--- The problem ---
What you return must be an exact copy of the lines in the listing below between the line holding "#56=CIRCLE('',#55,10.);" and the line holding "#71=DIRECTION('',(1.,0.,0.));", inclusive, and nothing more.
Record extracts START
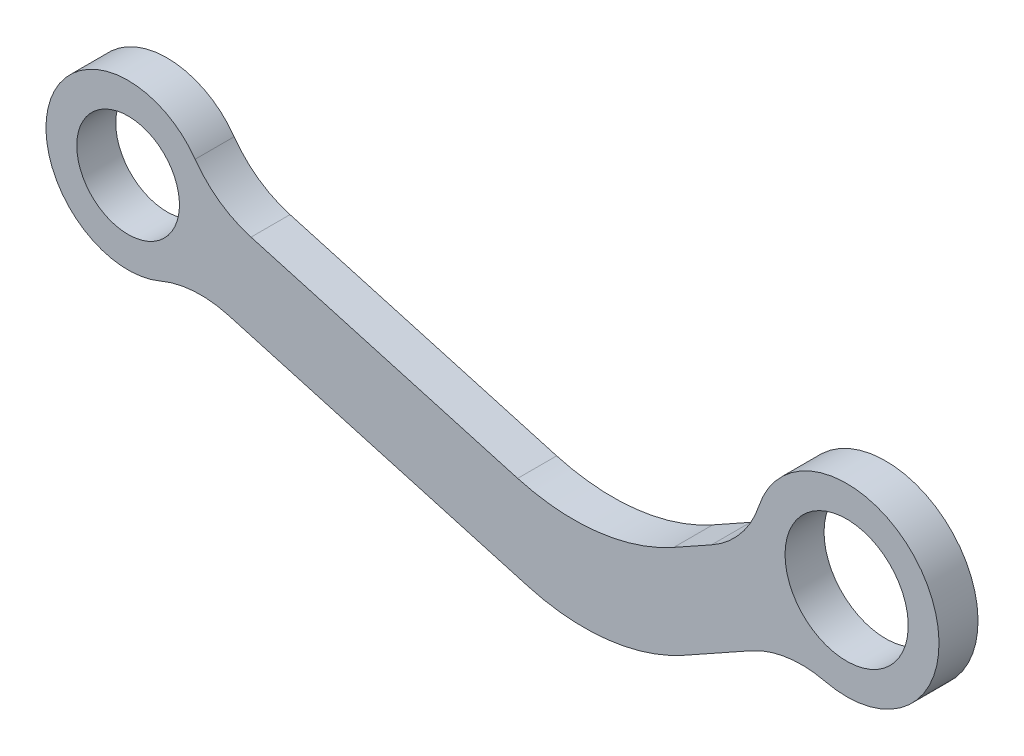
ISO-10303-21;
HEADER;
FILE_DESCRIPTION(('STEP AP214'),'2;1');
FILE_NAME('part.step','',(''),(''),'','','');
FILE_SCHEMA(('AUTOMOTIVE_DESIGN { 1 0 10303 214 1 1 1 1 }'));
ENDSEC;
DATA;
#1=APPLICATION_CONTEXT('core data for automotive mechanical design processes');
#2=APPLICATION_PROTOCOL_DEFINITION('international standard','automotive_design',2000,#1);
#3=PRODUCT_CONTEXT('',#1,'mechanical');
#4=PRODUCT('Part','Part','',(#3));
#5=PRODUCT_RELATED_PRODUCT_CATEGORY('part','',(#4));
#6=PRODUCT_DEFINITION_FORMATION('','',#4);
#7=PRODUCT_DEFINITION_CONTEXT('part definition',#1,'design');
#8=PRODUCT_DEFINITION('design','',#6,#7);
#9=PRODUCT_DEFINITION_SHAPE('','',#8);
#10=(LENGTH_UNIT() NAMED_UNIT(*) SI_UNIT(.MILLI.,.METRE.));
#11=(NAMED_UNIT(*) PLANE_ANGLE_UNIT() SI_UNIT($,.RADIAN.));
#12=(NAMED_UNIT(*) SI_UNIT($,.STERADIAN.) SOLID_ANGLE_UNIT());
#13=UNCERTAINTY_MEASURE_WITH_UNIT(LENGTH_MEASURE(1.E-05),#10,'distance_accuracy_value','');
#14=(GEOMETRIC_REPRESENTATION_CONTEXT(3) GLOBAL_UNCERTAINTY_ASSIGNED_CONTEXT((#13)) GLOBAL_UNIT_ASSIGNED_CONTEXT((#10,
#11,#12)) REPRESENTATION_CONTEXT('',''));
#15=CARTESIAN_POINT('',(0.,0.,0.));
#16=DIRECTION('',(0.,0.,1.));
#17=DIRECTION('',(1.,0.,0.));
#18=AXIS2_PLACEMENT_3D('',#15,#16,#17);
#19=CARTESIAN_POINT('',(35.,0.,1.9));
#20=DIRECTION('',(0.,0.,1.));
#21=DIRECTION('',(1.,0.,0.));
#22=AXIS2_PLACEMENT_3D('',#19,#20,#21);
#23=PLANE('',#22);
#24=CARTESIAN_POINT('',(0.,0.,1.9));
#25=DIRECTION('',(0.,0.,1.));
#26=DIRECTION('',(1.,0.,0.));
#27=AXIS2_PLACEMENT_3D('',#24,#25,#26);
#28=CIRCLE('',#27,4.);
#29=CARTESIAN_POINT('',(3.26736744020698,2.30744664308306,1.9));
#30=VERTEX_POINT('',#29);
#31=CARTESIAN_POINT('',(1.57031116535926,-3.67887521451164,1.9));
#32=VERTEX_POINT('',#31);
#33=EDGE_CURVE('E219',#30,#32,#28,.T.);
#34=ORIENTED_EDGE('',*,*,#33,.T.);
#35=CARTESIAN_POINT('',(3.53320012205833,-8.27746923265118,1.9));
#36=DIRECTION('',(0.,0.,1.));
#37=DIRECTION('',(1.,0.,0.));
#38=AXIS2_PLACEMENT_3D('',#35,#36,#37);
#39=CIRCLE('',#38,5.);
#40=CARTESIAN_POINT('',(4.89690605720382,-3.46703202565544,1.9));
#41=VERTEX_POINT('',#40);
#42=EDGE_CURVE('E48',#32,#41,#39,.F.);
#43=ORIENTED_EDGE('',*,*,#42,.T.);
#44=DIRECTION('',(0.962087441399148,-0.272741187029097,0.));
#45=VECTOR('',#44,1.);
#46=CARTESIAN_POINT('',(23.4639350524484,-8.73058012935193,1.9));
#47=LINE('',#46,#45);
#48=CARTESIAN_POINT('',(19.4788383882849,-7.60084914250003,1.9));
#49=VERTEX_POINT('',#48);
#50=EDGE_CURVE('E225',#41,#49,#47,.T.);
#51=ORIENTED_EDGE('',*,*,#50,.T.);
#52=CARTESIAN_POINT('',(22.2062502585758,2.02002527149145,1.9));
#53=DIRECTION('',(0.,0.,1.));
#54=DIRECTION('',(1.,0.,0.));
#55=AXIS2_PLACEMENT_3D('',#52,#53,#54);
#56=CIRCLE('',#55,10.);
#57=CARTESIAN_POINT('',(27.0806643690819,-6.7115316961575,1.9));
#58=VERTEX_POINT('',#57);
#59=EDGE_CURVE('E167',#49,#58,#56,.T.);
#60=ORIENTED_EDGE('',*,*,#59,.T.);
#61=DIRECTION('',(0.873155696764895,0.487441411050611,0.));
#62=VECTOR('',#61,1.);
#63=CARTESIAN_POINT('',(32.4550796812443,-3.71125054007198,1.9));
#64=LINE('',#63,#62);
#65=CARTESIAN_POINT('',(30.3669388209355,-4.8769605402387,1.9));
#66=VERTEX_POINT('',#65);
#67=EDGE_CURVE('E238',#58,#66,#64,.T.);
#68=ORIENTED_EDGE('',*,*,#67,.T.);
#69=CARTESIAN_POINT('',(32.8041458761885,-9.24273902406317,1.9));
#70=DIRECTION('',(0.,0.,1.));
#71=DIRECTION('',(1.,0.,0.));
#72=AXIS2_PLACEMENT_3D('',#69,#70,#71);
#73=CIRCLE('',#72,5.);
#74=CARTESIAN_POINT('',(33.9598585729314,-4.37813953771414,1.9));
#75=VERTEX_POINT('',#74);
#76=EDGE_CURVE('E192',#66,#75,#73,.F.);
#77=ORIENTED_EDGE('',*,*,#76,.T.);
#78=CARTESIAN_POINT('',(35.,0.,1.9));
#79=DIRECTION('',(0.,0.,1.));
#80=DIRECTION('',(1.,0.,0.));
#81=AXIS2_PLACEMENT_3D('',#78,#79,#80);
#82=CIRCLE('',#81,4.5);
#83=CARTESIAN_POINT('',(30.7273523733326,1.41226139872675,1.9));
#84=VERTEX_POINT('',#83);
#85=EDGE_CURVE('E156',#75,#84,#82,.T.);
#86=ORIENTED_EDGE('',*,*,#85,.T.);
#87=CARTESIAN_POINT('',(25.97996612148,2.98144073064536,1.9));
#88=DIRECTION('',(0.,0.,1.));
#89=DIRECTION('',(1.,0.,0.));
#90=AXIS2_PLACEMENT_3D('',#87,#88,#89);
#91=CIRCLE('',#90,5.);
#92=CARTESIAN_POINT('',(28.417173176733,-1.38433775317912,1.9));
#93=VERTEX_POINT('',#92);
#94=EDGE_CURVE('E196',#84,#93,#91,.F.);
#95=ORIENTED_EDGE('',*,*,#94,.T.);
#96=DIRECTION('',(-0.873155696764895,-0.487441411050611,0.));
#97=VECTOR('',#96,1.);
#98=CARTESIAN_POINT('',(30.5053140370419,-0.218627753012396,1.9));
#99=LINE('',#98,#97);
#100=CARTESIAN_POINT('',(26.5775904515329,-2.41128953582015,1.9));
#101=VERTEX_POINT('',#100);
#102=EDGE_CURVE('E235',#93,#101,#99,.T.);
#103=ORIENTED_EDGE('',*,*,#102,.T.);
#104=CARTESIAN_POINT('',(21.7031763410268,6.3202674318288,1.9));
#105=DIRECTION('',(0.,0.,1.));
#106=DIRECTION('',(1.,0.,0.));
#107=AXIS2_PLACEMENT_3D('',#104,#105,#106);
#108=CIRCLE('',#107,10.);
#109=CARTESIAN_POINT('',(18.9757644707358,-3.30060698216268,1.9));
#110=VERTEX_POINT('',#109);
#111=EDGE_CURVE('E142',#101,#110,#108,.F.);
#112=ORIENTED_EDGE('',*,*,#111,.T.);
#113=DIRECTION('',(-0.962087441399148,0.272741187029097,0.));
#114=VECTOR('',#113,1.);
#115=CARTESIAN_POINT('',(22.9608611348994,-4.43033796901458,1.9));
#116=LINE('',#115,#114);
#117=CARTESIAN_POINT('',(5.98787080532022,0.381317739941151,1.9));
#118=VERTEX_POINT('',#117);
#119=EDGE_CURVE('E220',#110,#118,#116,.T.);
#120=ORIENTED_EDGE('',*,*,#119,.T.);
#121=CARTESIAN_POINT('',(7.3515767404657,5.19175494693689,1.9));
#122=DIRECTION('',(0.,0.,1.));
#123=DIRECTION('',(1.,0.,0.));
#124=AXIS2_PLACEMENT_3D('',#121,#122,#123);
#125=CIRCLE('',#124,5.);
#126=EDGE_CURVE('E200',#118,#30,#125,.F.);
#127=ORIENTED_EDGE('',*,*,#126,.T.);
#128=EDGE_LOOP('',(#34,#43,#51,#60,#68,#77,#86,#95,#103,#112,#120,#127));
#129=FACE_BOUND('',#128,.T.);
#130=CARTESIAN_POINT('',(35.,0.,1.9));
#131=DIRECTION('',(0.,0.,1.));
#132=DIRECTION('',(1.,0.,0.));
#133=AXIS2_PLACEMENT_3D('',#130,#131,#132);
#134=CIRCLE('',#133,3.);
#135=CARTESIAN_POINT('',(32.,0.,1.9));
#136=VERTEX_POINT('',#135);
#137=EDGE_CURVE('E242',#136,#136,#134,.T.);
#138=ORIENTED_EDGE('',*,*,#137,.F.);
#139=EDGE_LOOP('',(#138));
#140=FACE_BOUND('',#139,.T.);
#141=CARTESIAN_POINT('',(0.,0.,1.9));
#142=DIRECTION('',(0.,0.,1.));
#143=DIRECTION('',(1.,0.,0.));
#144=AXIS2_PLACEMENT_3D('',#141,#142,#143);
#145=CIRCLE('',#144,2.5);
#146=CARTESIAN_POINT('',(-2.5,0.,1.9));
#147=VERTEX_POINT('',#146);
#148=EDGE_CURVE('E227',#147,#147,#145,.T.);
#149=ORIENTED_EDGE('',*,*,#148,.F.);
#150=EDGE_LOOP('',(#149));
#151=FACE_BOUND('',#150,.T.);
#152=ADVANCED_FACE('F40',(#129,#140,#151),#23,.T.);
#153=CARTESIAN_POINT('',(35.,0.,0.));
#154=DIRECTION('',(0.,0.,1.));
#155=DIRECTION('',(1.,0.,0.));
#156=AXIS2_PLACEMENT_3D('',#153,#154,#155);
#157=PLANE('',#156);
#158=CARTESIAN_POINT('',(35.,0.,0.));
#159=DIRECTION('',(0.,0.,1.));
#160=DIRECTION('',(1.,0.,0.));
#161=AXIS2_PLACEMENT_3D('',#158,#159,#160);
#162=CIRCLE('',#161,4.5);
#163=CARTESIAN_POINT('',(33.9598585729314,-4.37813953771414,0.));
#164=VERTEX_POINT('',#163);
#165=CARTESIAN_POINT('',(30.7273523733326,1.41226139872675,0.));
#166=VERTEX_POINT('',#165);
#167=EDGE_CURVE('E161',#164,#166,#162,.T.);
#168=ORIENTED_EDGE('',*,*,#167,.F.);
#169=CARTESIAN_POINT('',(32.8041458761885,-9.24273902406317,0.));
#170=DIRECTION('',(0.,0.,1.));
#171=DIRECTION('',(1.,0.,0.));
#172=AXIS2_PLACEMENT_3D('',#169,#170,#171);
#173=CIRCLE('',#172,5.);
#174=CARTESIAN_POINT('',(30.3669388209355,-4.8769605402387,0.));
#175=VERTEX_POINT('',#174);
#176=EDGE_CURVE('E194',#164,#175,#173,.T.);
#177=ORIENTED_EDGE('',*,*,#176,.T.);
#178=DIRECTION('',(-0.873155696764895,-0.487441411050611,0.));
#179=VECTOR('',#178,1.);
#180=CARTESIAN_POINT('',(32.4550796812443,-3.71125054007198,0.));
#181=LINE('',#180,#179);
#182=CARTESIAN_POINT('',(27.0806643690819,-6.7115316961575,0.));
#183=VERTEX_POINT('',#182);
#184=EDGE_CURVE('E151',#175,#183,#181,.T.);
#185=ORIENTED_EDGE('',*,*,#184,.T.);
#186=CARTESIAN_POINT('',(22.2062502585758,2.02002527149145,0.));
#187=DIRECTION('',(0.,0.,1.));
#188=DIRECTION('',(1.,0.,0.));
#189=AXIS2_PLACEMENT_3D('',#186,#187,#188);
#190=CIRCLE('',#189,10.);
#191=CARTESIAN_POINT('',(19.4788383882849,-7.60084914250003,0.));
#192=VERTEX_POINT('',#191);
#193=EDGE_CURVE('E172',#183,#192,#190,.F.);
#194=ORIENTED_EDGE('',*,*,#193,.T.);
#195=DIRECTION('',(-0.962087441399148,0.272741187029097,0.));
#196=VECTOR('',#195,1.);
#197=CARTESIAN_POINT('',(23.4639350524484,-8.73058012935193,0.));
#198=LINE('',#197,#196);
#199=CARTESIAN_POINT('',(4.89690605720381,-3.46703202565544,0.));
#200=VERTEX_POINT('',#199);
#201=EDGE_CURVE('E233',#192,#200,#198,.T.);
#202=ORIENTED_EDGE('',*,*,#201,.T.);
#203=CARTESIAN_POINT('',(3.53320012205833,-8.27746923265118,0.));
#204=DIRECTION('',(0.,0.,1.));
#205=DIRECTION('',(1.,0.,0.));
#206=AXIS2_PLACEMENT_3D('',#203,#204,#205);
#207=CIRCLE('',#206,5.);
#208=CARTESIAN_POINT('',(1.57031116535926,-3.67887521451164,0.));
#209=VERTEX_POINT('',#208);
#210=EDGE_CURVE('E11',#200,#209,#207,.T.);
#211=ORIENTED_EDGE('',*,*,#210,.T.);
#212=CARTESIAN_POINT('',(0.,0.,0.));
#213=DIRECTION('',(0.,0.,1.));
#214=DIRECTION('',(1.,0.,0.));
#215=AXIS2_PLACEMENT_3D('',#212,#213,#214);
#216=CIRCLE('',#215,4.);
#217=CARTESIAN_POINT('',(3.26736744020698,2.30744664308306,0.));
#218=VERTEX_POINT('',#217);
#219=EDGE_CURVE('E206',#218,#209,#216,.T.);
#220=ORIENTED_EDGE('',*,*,#219,.F.);
#221=CARTESIAN_POINT('',(7.3515767404657,5.19175494693689,0.));
#222=DIRECTION('',(0.,0.,1.));
#223=DIRECTION('',(1.,0.,0.));
#224=AXIS2_PLACEMENT_3D('',#221,#222,#223);
#225=CIRCLE('',#224,5.);
#226=CARTESIAN_POINT('',(5.98787080532022,0.381317739941151,0.));
#227=VERTEX_POINT('',#226);
#228=EDGE_CURVE('E202',#218,#227,#225,.T.);
#229=ORIENTED_EDGE('',*,*,#228,.T.);
#230=DIRECTION('',(0.962087441399148,-0.272741187029097,0.));
#231=VECTOR('',#230,1.);
#232=CARTESIAN_POINT('',(22.9608611348994,-4.43033796901458,0.));
#233=LINE('',#232,#231);
#234=CARTESIAN_POINT('',(18.9757644707358,-3.30060698216268,0.));
#235=VERTEX_POINT('',#234);
#236=EDGE_CURVE('E136',#227,#235,#233,.T.);
#237=ORIENTED_EDGE('',*,*,#236,.T.);
#238=CARTESIAN_POINT('',(21.7031763410268,6.3202674318288,0.));
#239=DIRECTION('',(0.,0.,1.));
#240=DIRECTION('',(1.,0.,0.));
#241=AXIS2_PLACEMENT_3D('',#238,#239,#240);
#242=CIRCLE('',#241,10.);
#243=CARTESIAN_POINT('',(26.5775904515329,-2.41128953582015,0.));
#244=VERTEX_POINT('',#243);
#245=EDGE_CURVE('E128',#235,#244,#242,.T.);
#246=ORIENTED_EDGE('',*,*,#245,.T.);
#247=DIRECTION('',(0.873155696764895,0.487441411050611,0.));
#248=VECTOR('',#247,1.);
#249=CARTESIAN_POINT('',(30.5053140370419,-0.218627753012396,0.));
#250=LINE('',#249,#248);
#251=CARTESIAN_POINT('',(28.417173176733,-1.38433775317912,0.));
#252=VERTEX_POINT('',#251);
#253=EDGE_CURVE('E133',#244,#252,#250,.T.);
#254=ORIENTED_EDGE('',*,*,#253,.T.);
#255=CARTESIAN_POINT('',(25.97996612148,2.98144073064536,0.));
#256=DIRECTION('',(0.,0.,1.));
#257=DIRECTION('',(1.,0.,0.));
#258=AXIS2_PLACEMENT_3D('',#255,#256,#257);
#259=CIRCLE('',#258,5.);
Record extracts END
--- Your solution ---
#56=CIRCLE('',#55,10.);
#57=CARTESIAN_POINT('',(27.0806643690819,-6.7115316961575,1.9));
#58=VERTEX_POINT('',#57);
#59=EDGE_CURVE('E167',#49,#58,#56,.T.);
#60=ORIENTED_EDGE('',*,*,#59,.T.);
#61=DIRECTION('',(0.873155696764895,0.487441411050611,0.));
#62=VECTOR('',#61,1.);
#63=CARTESIAN_POINT('',(32.4550796812443,-3.71125054007198,1.9));
#64=LINE('',#63,#62);
#65=CARTESIAN_POINT('',(30.3669388209355,-4.8769605402387,1.9));
#66=VERTEX_POINT('',#65);
#67=EDGE_CURVE('E238',#58,#66,#64,.T.);
#68=ORIENTED_EDGE('',*,*,#67,.T.);
#69=CARTESIAN_POINT('',(32.8041458761885,-9.24273902406317,1.9));
#70=DIRECTION('',(0.,0.,1.));
#71=DIRECTION('',(1.,0.,0.));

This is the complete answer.